Work order | Without the pictures, write out every entry that follows exactly.

Dataset records |
+ + + +

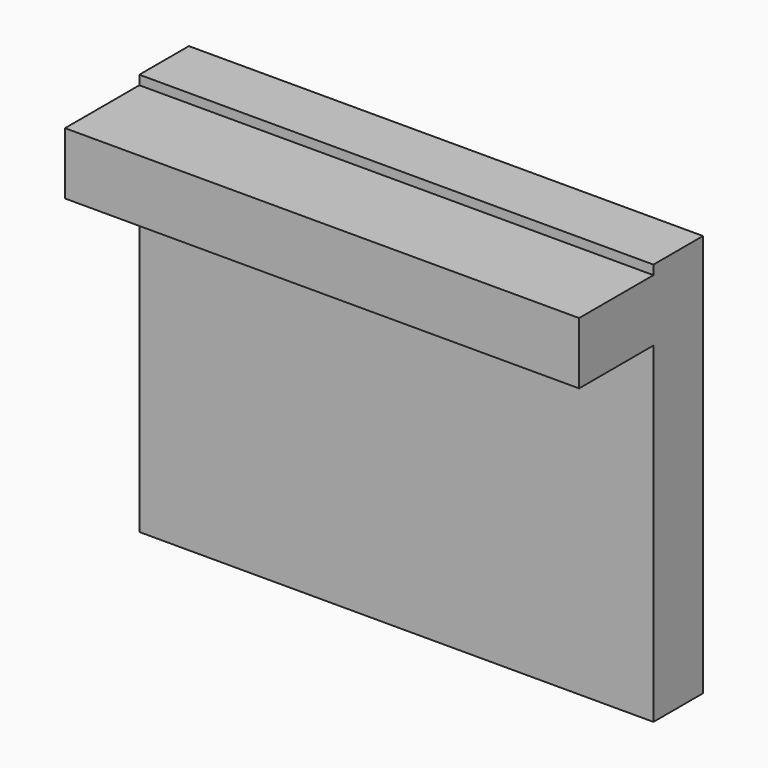
from build123d import *

# Parameters (mm, degrees)
F0_W     = 83
F0_H     = 10
F1_DEPTH = 65
F2_W     = 83
F2_H     = 10
F3_DEPTH = 15


# Not quite as in the source:
# - a feature names something its author has since deleted; it is built from what else it names


with BuildPart() as f1:
    # F0 (on Top) → F1 (new body)
    with BuildSketch(Plane.XY):
        Rectangle(F0_W, F0_H)
    extrude(amount=F1_DEPTH)

    # F2 (on face) → F3 (join)
    with BuildSketch(Plane.XZ.offset(5)):
        with Locations((0, 58.5)):
            Rectangle(F2_W, F2_H)
    extrude(amount=F3_DEPTH)


solid = f1.part

+ + + +

Solution to the problem |
from build123d import *

# Parameters (mm, degrees)
F0_W     = 83
F0_H     = 10
F1_DEPTH = 65
F2_W     = 83
F2_H     = 10
F3_DEPTH = 15


# Not quite as in the source:
# - a feature names something its author has since deleted; it is built from what else it names


with BuildPart() as f1:
    # F0 (on Top) → F1 (new body)
    with BuildSketch(Plane.XY):
        Rectangle(F0_W, F0_H)
    extrude(amount=F1_DEPTH)

    # F2 (on face) → F3 (join)
    with BuildSketch(Plane.XZ.offset(5)):
        with Locations((0, 58.5)):
            Rectangle(F2_W, F2_H)
    extrude(amount=F3_DEPTH)


solid = f1.part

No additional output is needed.